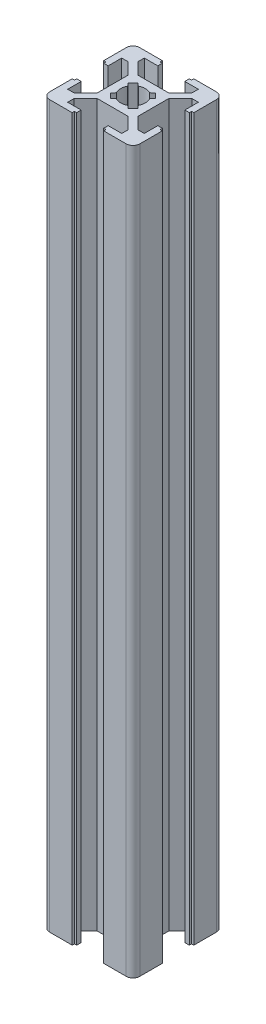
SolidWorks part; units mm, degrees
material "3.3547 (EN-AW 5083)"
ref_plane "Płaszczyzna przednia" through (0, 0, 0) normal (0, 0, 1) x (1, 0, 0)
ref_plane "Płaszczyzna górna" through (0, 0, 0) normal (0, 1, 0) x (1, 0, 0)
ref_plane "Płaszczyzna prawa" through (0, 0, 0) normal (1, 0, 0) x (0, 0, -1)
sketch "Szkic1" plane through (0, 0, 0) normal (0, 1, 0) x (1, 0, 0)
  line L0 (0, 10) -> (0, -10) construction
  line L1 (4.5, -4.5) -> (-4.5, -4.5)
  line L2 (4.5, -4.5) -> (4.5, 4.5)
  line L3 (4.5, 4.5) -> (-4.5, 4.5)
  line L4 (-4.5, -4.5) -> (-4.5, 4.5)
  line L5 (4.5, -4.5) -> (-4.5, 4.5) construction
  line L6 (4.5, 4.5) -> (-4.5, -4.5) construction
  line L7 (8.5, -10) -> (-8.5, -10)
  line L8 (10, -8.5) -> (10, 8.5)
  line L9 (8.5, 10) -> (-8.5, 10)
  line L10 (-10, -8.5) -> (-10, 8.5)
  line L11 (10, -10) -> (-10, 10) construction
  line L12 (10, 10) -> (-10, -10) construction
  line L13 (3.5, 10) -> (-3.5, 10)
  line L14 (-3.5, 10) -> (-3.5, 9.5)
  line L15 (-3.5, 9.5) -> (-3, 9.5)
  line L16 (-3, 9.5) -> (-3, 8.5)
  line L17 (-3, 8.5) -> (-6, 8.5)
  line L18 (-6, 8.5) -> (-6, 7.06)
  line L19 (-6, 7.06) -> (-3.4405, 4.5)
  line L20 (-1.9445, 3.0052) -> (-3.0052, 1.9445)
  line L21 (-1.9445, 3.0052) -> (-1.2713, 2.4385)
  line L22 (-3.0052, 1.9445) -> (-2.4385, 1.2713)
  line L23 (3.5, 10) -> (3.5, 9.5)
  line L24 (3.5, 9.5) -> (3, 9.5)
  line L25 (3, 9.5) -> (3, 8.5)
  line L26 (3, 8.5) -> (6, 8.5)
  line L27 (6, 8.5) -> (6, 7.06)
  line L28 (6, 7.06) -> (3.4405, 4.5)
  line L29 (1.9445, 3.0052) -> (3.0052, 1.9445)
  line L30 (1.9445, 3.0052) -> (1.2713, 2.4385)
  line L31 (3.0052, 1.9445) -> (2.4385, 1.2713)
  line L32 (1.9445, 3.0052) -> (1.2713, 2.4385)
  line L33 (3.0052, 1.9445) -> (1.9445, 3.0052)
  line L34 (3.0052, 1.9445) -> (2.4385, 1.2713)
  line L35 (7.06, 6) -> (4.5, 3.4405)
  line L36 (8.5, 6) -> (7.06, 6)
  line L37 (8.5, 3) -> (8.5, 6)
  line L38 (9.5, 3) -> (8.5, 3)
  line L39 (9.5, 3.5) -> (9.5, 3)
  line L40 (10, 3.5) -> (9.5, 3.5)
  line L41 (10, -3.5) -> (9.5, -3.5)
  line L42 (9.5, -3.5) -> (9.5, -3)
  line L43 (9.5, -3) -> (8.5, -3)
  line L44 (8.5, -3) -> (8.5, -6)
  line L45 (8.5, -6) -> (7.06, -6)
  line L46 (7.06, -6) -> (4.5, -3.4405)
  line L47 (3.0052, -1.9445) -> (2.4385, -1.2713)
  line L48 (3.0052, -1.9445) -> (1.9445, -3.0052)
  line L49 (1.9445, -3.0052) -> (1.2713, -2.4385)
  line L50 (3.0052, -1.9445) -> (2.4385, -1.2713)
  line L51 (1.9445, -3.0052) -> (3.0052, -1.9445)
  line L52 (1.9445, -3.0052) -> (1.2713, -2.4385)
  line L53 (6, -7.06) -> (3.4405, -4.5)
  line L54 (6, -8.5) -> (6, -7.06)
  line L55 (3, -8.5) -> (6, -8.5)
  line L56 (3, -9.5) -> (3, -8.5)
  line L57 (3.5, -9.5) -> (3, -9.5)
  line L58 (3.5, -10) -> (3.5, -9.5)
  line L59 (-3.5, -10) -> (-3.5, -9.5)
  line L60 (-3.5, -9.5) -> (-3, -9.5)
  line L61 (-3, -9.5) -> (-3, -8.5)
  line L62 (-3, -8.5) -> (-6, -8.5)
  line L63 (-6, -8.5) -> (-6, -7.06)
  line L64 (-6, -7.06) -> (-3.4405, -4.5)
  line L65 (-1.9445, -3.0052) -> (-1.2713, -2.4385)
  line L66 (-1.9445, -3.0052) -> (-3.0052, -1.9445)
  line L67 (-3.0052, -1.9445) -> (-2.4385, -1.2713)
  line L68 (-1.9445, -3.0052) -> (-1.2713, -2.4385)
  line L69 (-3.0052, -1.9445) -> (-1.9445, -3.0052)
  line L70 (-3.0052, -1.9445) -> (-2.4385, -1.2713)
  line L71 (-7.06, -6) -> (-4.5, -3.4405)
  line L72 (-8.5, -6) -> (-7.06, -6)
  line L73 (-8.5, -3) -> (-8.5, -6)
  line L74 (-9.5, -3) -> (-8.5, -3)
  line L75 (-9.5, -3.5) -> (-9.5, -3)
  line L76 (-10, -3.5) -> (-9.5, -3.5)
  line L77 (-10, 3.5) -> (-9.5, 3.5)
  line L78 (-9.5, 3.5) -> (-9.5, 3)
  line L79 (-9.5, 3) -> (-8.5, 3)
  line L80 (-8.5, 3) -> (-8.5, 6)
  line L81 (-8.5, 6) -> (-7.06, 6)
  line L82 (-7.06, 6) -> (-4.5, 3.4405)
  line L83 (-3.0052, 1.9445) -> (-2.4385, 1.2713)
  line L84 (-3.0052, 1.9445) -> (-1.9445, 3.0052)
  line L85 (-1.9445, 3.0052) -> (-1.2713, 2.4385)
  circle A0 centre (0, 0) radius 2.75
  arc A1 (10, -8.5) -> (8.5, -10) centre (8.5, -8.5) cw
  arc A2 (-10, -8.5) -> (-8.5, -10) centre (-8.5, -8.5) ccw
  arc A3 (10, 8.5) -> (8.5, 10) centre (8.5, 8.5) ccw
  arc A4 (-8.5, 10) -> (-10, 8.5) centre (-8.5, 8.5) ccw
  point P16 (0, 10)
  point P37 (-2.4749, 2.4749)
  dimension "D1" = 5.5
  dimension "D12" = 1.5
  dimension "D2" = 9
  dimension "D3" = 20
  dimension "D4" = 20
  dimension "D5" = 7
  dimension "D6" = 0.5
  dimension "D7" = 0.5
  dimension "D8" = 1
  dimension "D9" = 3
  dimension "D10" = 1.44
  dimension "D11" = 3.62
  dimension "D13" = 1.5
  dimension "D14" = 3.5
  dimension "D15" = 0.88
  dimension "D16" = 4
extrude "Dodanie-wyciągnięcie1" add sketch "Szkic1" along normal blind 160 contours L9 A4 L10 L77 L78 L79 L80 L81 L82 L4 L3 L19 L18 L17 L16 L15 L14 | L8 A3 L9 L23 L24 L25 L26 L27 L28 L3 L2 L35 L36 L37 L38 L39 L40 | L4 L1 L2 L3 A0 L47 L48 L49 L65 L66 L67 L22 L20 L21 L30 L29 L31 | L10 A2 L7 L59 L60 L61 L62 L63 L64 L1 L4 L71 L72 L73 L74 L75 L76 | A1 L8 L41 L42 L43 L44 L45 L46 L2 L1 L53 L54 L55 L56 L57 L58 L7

....

## What you have to do:
Copy out precisely the lines from the line with "line L21 (-1.9445, 3.0052)" to the line with "line L32 (1.9445, 3.0052)" in the material above, including those two lines and omitting all the rest.

## Answer for the task:
  line L21 (-1.9445, 3.0052) -> (-1.2713, 2.4385)
  line L22 (-3.0052, 1.9445) -> (-2.4385, 1.2713)
  line L23 (3.5, 10) -> (3.5, 9.5)
  line L24 (3.5, 9.5) -> (3, 9.5)
  line L25 (3, 9.5) -> (3, 8.5)
  line L26 (3, 8.5) -> (6, 8.5)
  line L27 (6, 8.5) -> (6, 7.06)
  line L28 (6, 7.06) -> (3.4405, 4.5)
  line L29 (1.9445, 3.0052) -> (3.0052, 1.9445)
  line L30 (1.9445, 3.0052) -> (1.2713, 2.4385)
  line L31 (3.0052, 1.9445) -> (2.4385, 1.2713)
  line L32 (1.9445, 3.0052) -> (1.2713, 2.4385)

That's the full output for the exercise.